Furthermore, we look to partner with businesses whose product or service has a clear purpose and a competitive advantage. Supporting the working capital needs and growth ambitions of Australian businesses is something we consider will become increasingly important against the current economic backdrop, and Octet’s innovative solutions help to alleviate these pressures businesses face.


Q: What are some of the high-level criteria that you consider when going to market for a warehouse facility of this scale?

Justin: Security and tenor of funding are the most important elements for us – we are a client focussed business and from that perspective security of funding is essential – that means strong investors with a proven history in the Australian market, who will stay the course should the going get tough. It’s interesting that during the process we witnessed the spectacular collapse of Greensill. Octet is nothing like Greensill – we don’t reverse factor ‘future receivables’ and our Trade Finance offering is more akin to a performance enhanced B2B corporate credit card – but given we provide procurement finance as part of the supply chain finance parent, there was understandably, a lot of focus on our business model – from clients, prospective clients, regulators etc. Importantly, MA Financial and our financiers clearly understood the distinctions and fundamentals of our business model, asked excellent questions through the due diligence stage, and continued to back Octet through the process. The other key element for us is partnering with investors who will grow with us without tapping out on risk appetite, as we look to grow the warehouse to the $450m mark.

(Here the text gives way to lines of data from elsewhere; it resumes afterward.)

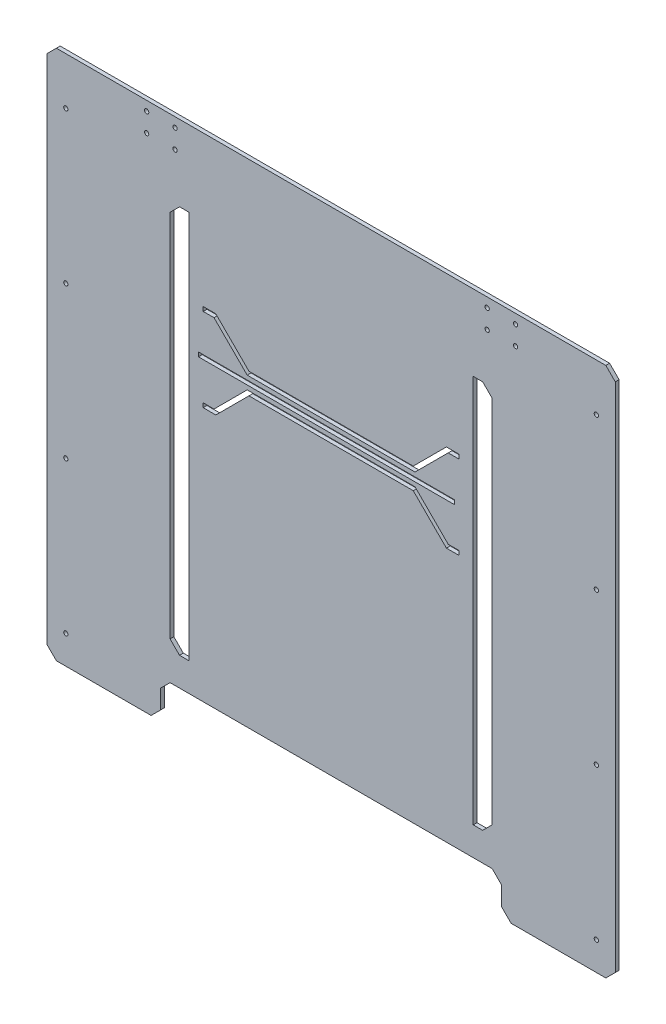
SolidWorks part; units mm, degrees
ref_plane "Front Plane" through (0, 0, 0) normal (0, 0, 1) x (1, 0, 0)
ref_plane "Top Plane" through (0, 0, 0) normal (0, 1, 0) x (1, 0, 0)
ref_plane "Right Plane" through (0, 0, 0) normal (1, 0, 0) x (0, 0, -1)
sketch "Sketch1" plane through (0, 0, 0) normal (0, 0, 1) x (1, 0, 0)
  line L0 (440.3197, -451.5188) -> (440.3197, -431.5188)
  line L1 (430.3197, -421.5188) -> (310.3197, -421.5188)
  line L2 (560.3197, -5.0048) -> (560.3197, 98.4812)
  line L3 (80.3197, -431.5188) -> (80.3197, -451.5188)
  line L4 (560.3197, 98.4812) -> (540.3197, 98.4812)
  line L5 (531.5264, 93.7193) -> (531.5264, -420.0048) construction
  line L6 (560.3197, -5.0048) -> (560.3197, -420.0048)
  line L7 (0.3197, 98.4812) -> (540.3197, 98.4812)
  line L8 (2.3197, -461.5188) -> (70.3197, -461.5188)
  line L9 (450.3197, -461.5188) -> (540.3197, -461.5188)
  line L10 (440.3197, -431.5188) -> (430.3197, -421.5188)
  line L11 (503.536, -23.973) -> (503.536, -80.4204) construction
  line L12 (-39.6803, -421.5188) -> (-39.6803, -5.0048)
  line L14 (450.3197, -461.5188) -> (440.3197, -451.5188)
  line L18 (0.3197, 98.4812) -> (-39.6803, 98.4812)
  line L19 (-39.6803, 98.4812) -> (-39.6803, -5.0048)
  line L20 (-39.6803, -421.5188) -> (-39.6803, -451.5188)
  line L21 (-29.6803, -461.5188) -> (2.3197, -461.5188)
  line L22 (560.3197, -420.0048) -> (560.3197, -451.5188)
  line L23 (550.3197, -461.5188) -> (540.3197, -461.5188)
  line L24 (90.3197, -421.5188) -> (80.3197, -431.5188)
  line L25 (80.3197, -451.5188) -> (70.3197, -461.5188)
  line L26 (560.3197, -451.5188) -> (550.3197, -461.5188)
  line L27 (-39.6803, -451.5188) -> (-29.6803, -461.5188)
  line L31 (210.3197, -421.5188) -> (90.3197, -421.5188)
  line L34 (310.3197, -421.5188) -> (210.3197, -421.5188)
  point P0 (440.3197, -461.5188)
  point P5 (440.3197, -421.5188)
  point P27 (-39.6803, -461.5188)
  point P28 (560.3197, -461.5188)
  point P29 (80.3197, -421.5188)
  point P30 (80.3197, -461.5188)
  point P42 (300.3197, -421.5188)
  point P46 (220.3197, -421.5188)
  dimension "D1" = 560
  dimension "D2" = 10
  dimension "D3" = 600
  dimension "D4" = 120
  dimension "D9" = 120
  dimension "D19" = 40
extrude "Boss-Extrude1" add sketch "Sketch1" along normal blind 4
sketch "Sketch3" plane through (0, 0, 0) normal (0, 0, -1) x (-1, 0, 0)
  line L1 (-410.3197, -391.5188) -> (-420.3197, -391.5188)
  line L2 (-410.3197, -391.5188) -> (-410.3197, 18.4812)
  line L3 (-410.3197, 18.4812) -> (-420.3197, 18.4812)
  line L4 (-430.3197, -381.5188) -> (-430.3197, 8.4812)
  line L5 (-420.3197, -391.5188) -> (-430.3197, -381.5188)
  line L6 (-420.3197, 18.4812) -> (-430.3197, 8.4812)
  line L7 (-560.3197, 98.4812) -> (39.6803, 98.4812) construction
  line L8 (-90.3197, -421.5188) -> (-430.3197, -421.5188) construction
  line L9 (-260.3197, -421.5188) -> (-260.3197, -274.4779) construction
  line L10 (-100.3197, 18.4812) -> (-90.3197, 8.4812)
  line L11 (-100.3197, -391.5188) -> (-90.3197, -381.5188)
  line L12 (-90.3197, -381.5188) -> (-90.3197, 8.4812)
  line L13 (-110.3197, 18.4812) -> (-100.3197, 18.4812)
  line L14 (-110.3197, -391.5188) -> (-110.3197, 18.4812)
  line L15 (-110.3197, -391.5188) -> (-100.3197, -391.5188)
  line L17 (-560.3197, -451.5188) -> (-560.3197, 98.4812) construction
  point P1 (-430.3197, 18.4812)
  point P3 (-430.3197, -391.5188)
  point P22 (-90.3197, -391.5188)
  point P23 (-90.3197, 18.4812)
  dimension "D1" = 20
  dimension "D2" = 80
  dimension "D3" = 30
  dimension "D5" = 130
extrude "Cut-Extrude2" cut sketch "Sketch3" against normal blind 10
sketch "Sketch4" plane through (0, 0, 0) normal (0, 0, -1) x (-1, 0, 0)
  line L6 (-390.3197, -104.1791) -> (-120.3197, -104.1791)
  line L8 (-390.3197, -108.6791) -> (-120.3197, -108.6791)
  line L11 (-260.3197, -104.1791) -> (-260.3197, -60.3431) construction
  line L13 (-100.3197, -106.4291) -> (-92.2726, -106.4291) construction
  line L16 (-390.3197, -104.1791) -> (-390.3197, -108.6791)
  line L20 (-410.3197, -391.5188) -> (-410.3197, 18.4812) construction
  line L35 (-120.3197, -104.1791) -> (-120.3197, -108.6791)
  dimension "D1" = 20
extrude "Cut-Extrude5" cut sketch "Sketch4" against normal blind 10
sketch "Sketch5" plane through (0, 0, 0) normal (0, 0, -1) x (-1, 0, 0)
  line L0 (-171.7435, -99.6791) -> (-260.3197, -99.6791)
  line L1 (-260.3197, -99.6791) -> (-260.3197, -95.1791)
  line L2 (-260.3197, -95.1791) -> (-173.6074, -95.1791)
  line L3 (-173.6074, -95.1791) -> (-138.6074, -60.1791)
  line L4 (-138.6074, -60.1791) -> (-125.3197, -60.1791)
  line L5 (-125.3197, -60.1791) -> (-125.3197, -64.6791)
  line L6 (-125.3197, -64.6791) -> (-136.7435, -64.6791)
  line L7 (-136.7435, -64.6791) -> (-171.7435, -99.6791)
  line L8 (-120.3197, -104.1791) -> (-390.3197, -104.1791) construction
  line L9 (-110.3197, 18.4812) -> (-110.3197, -391.5188) construction
  dimension "D1" = 4.5
  dimension "D2" = 4.5
  dimension "D3" = 4.5
  dimension "D4" = 35
  dimension "D5" = 35
  dimension "D6" = 4.5
  dimension "D7" = 15
extrude "Cut-Extrude6" cut sketch "Sketch5" against normal blind 10
mirror "Mirror3" about plane through (260.3197, -99.6791, 10) normal (1, 0, 0) of "Cut-Extrude6"
ref_plane "Plane1" through (0, -106.4291, 0) normal (0, -1, 0) x (-1, 0, 0)
mirror "Mirror9" about plane through (0, -106.4291, 0) normal (0, -1, 0) of "Cut-Extrude6", "Mirror3"
chamfer "Chamfer1" distance 10 angle 45 2 edges at (-39.6803, 98.4812, 2) (560.3197, 98.4812, 2)
sketch "Sketch6" plane through (0, 0, 0) normal (0, 0, -1) x (-1, 0, 0)
  line L0 (-560.3197, -451.5188) -> (-560.3197, 88.4812) construction
  line L1 (-550.3197, 98.4812) -> (29.6803, 98.4812) construction
  circle A0 centre (-540.3197, 48.4812) radius 2.25
  circle A1 centre (-540.3197, -111.5188) radius 2.25
  circle A2 centre (-540.3197, -271.5188) radius 2.25
  circle A3 centre (-540.3197, -431.5188) radius 2.25
  dimension "D2" = 4.5
  dimension "D1" = 20
  dimension "D3" = 50
  dimension "D4" = 4
extrude "Cut-Extrude7" cut sketch "Sketch6" against normal blind 10
ref_plane "Plane2" through (260.3197, 0, 0) normal (1, 0, 0) x (0, 0, -1)
mirror "Mirror10" about plane through (260.3197, 0, 0) normal (1, 0, 0) of "Cut-Extrude7"
sketch "Sketch7" plane through (0, 0, 4) normal (0, 0, 1) x (1, 0, 0)
  line L0 (65.6049, 88.4812) -> (95.6049, 88.4812) construction
  line L1 (95.6049, 88.4812) -> (95.6049, 68.4812) construction
  line L2 (95.6049, 68.4812) -> (65.6049, 68.4812) construction
  circle A0 centre (65.6049, 88.4812) radius 2.25
  circle A1 centre (65.6049, 88.4812) radius 2.25 construction
  circle A2 centre (95.6049, 88.4812) radius 2.25
  circle A3 centre (95.6049, 68.4812) radius 2.25
  circle A4 centre (65.6049, 68.4812) radius 2.25
  dimension "D1" = 4.5
  dimension "D2" = 30
  dimension "D3" = 20
  dimension "D4" = 30
extrude "Cut-Extrude8" cut sketch "Sketch7" against normal blind 10
mirror "Mirror11" about plane through (260.3197, 0, 0) normal (1, 0, 0) of "Cut-Extrude8"
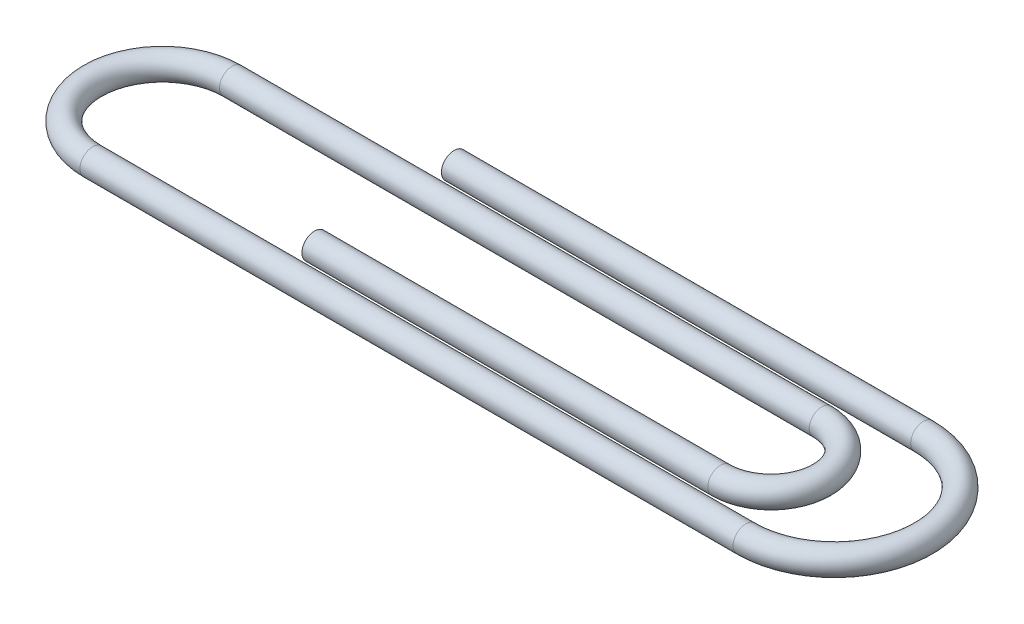
SolidWorks part; units mm, degrees
ref_plane "Front Plane" through (0, 0, 0) normal (0, 0, 1) x (1, 0, 0)
ref_plane "Top Plane" through (0, 0, 0) normal (0, 1, 0) x (1, 0, 0)
ref_plane "Right Plane" through (0, 0, 0) normal (1, 0, 0) x (0, 0, -1)
sketch "Path" plane through (0, 0, 0) normal (0, 1, 0) x (1, 0, 0)
  line L0 (0, 0) -> (18.5, 0)
  line L1 (18.5, -7) -> (-7.25, -7)
  line L2 (-7.25, -1.5) -> (16, -1.5)
  line L3 (16, -5.5) -> (0, -5.5)
  arc A0 (18.5, 0) -> (18.5, -7) centre (18.5, -3.5) cw
  arc A1 (-7.25, -7) -> (-7.25, -1.5) centre (-7.25, -4.25) cw
  arc A2 (16, -1.5) -> (16, -5.5) centre (16, -3.5) cw
  point P11 (18, -3.5)
  point P13 (22, -3.5)
  point P17 (13.7068, -7)
  dimension "D2" = 3.5
  dimension "D6" = 32
  dimension "D1" = 18.5
  dimension "D3" = 1.5
  dimension "D4" = 1.5
  dimension "D5" = 4
  dimension "D7" = 10
sketch "Cross-Section" plane through (0, 0, 0) normal (1, 0, 0) x (0, 0, -1)
  circle A0 centre (0, 0) radius 0.5
  dimension "D1" = 1
sweep "Sweep1" add profiles "Cross-Section" path "Path"

Whilst of course there are the standard criteria of improved flexibility in pool parameters, pricing, and credit enhancement requirements – ultimately security of funding lines and partnered growth are our most important elements.


Q: Why did you select MA Financial as a credit partner?

Justin: Firstly, MA Financial had been proactively seeking an opportunity to invest in Octet for around two years, so contacting them straight off the bat was a no-brainer. Nonetheless, the Request For Proposal process was competitive with MA Financial up against numerous other potential investors. What clinched it for us was MA Financial’s strong understanding of our business and the nuances of trade and receivables finance, as well as their strong appetite to support our growth path to $450m. This came across in their engagement and proposal response and put them ahead of other potential investors. I think it’s also important to mention, that once mandated, MA Financial were extremely proactive in working with us and closing out some of the more complicated elements of the deal.


Q: What do you expect from the business going forward?

Guy: We hope to see more of the same controlled growth with the Warehouse providing Octet significant headroom for expansion. This will be critical as the Government stimulus rolls off and businesses seek new ways to support their own working capital requirements.


Q: What’s next for Octet?

Justin: Well the clear objective for us now is to fill our acquisition funnel, maximise facility utilisation from existing members/supply chain networks and essentially, fully utilise the warehouse. It would be great if we could be upsizing the facility again in 12 months and that’s certainly not out of the question now that we are coming out of lockdown in NSW, and hopefully in VIC in the near future. That means increasingly Australian private business owners will be using Octet facilities to fund their working capital gap, which is important because this business segment is the fastest growing in Australia. I believe that if we can help them grow, then we are doing our bit to help accelerate Australian jobs, the domestic economy and also international trade.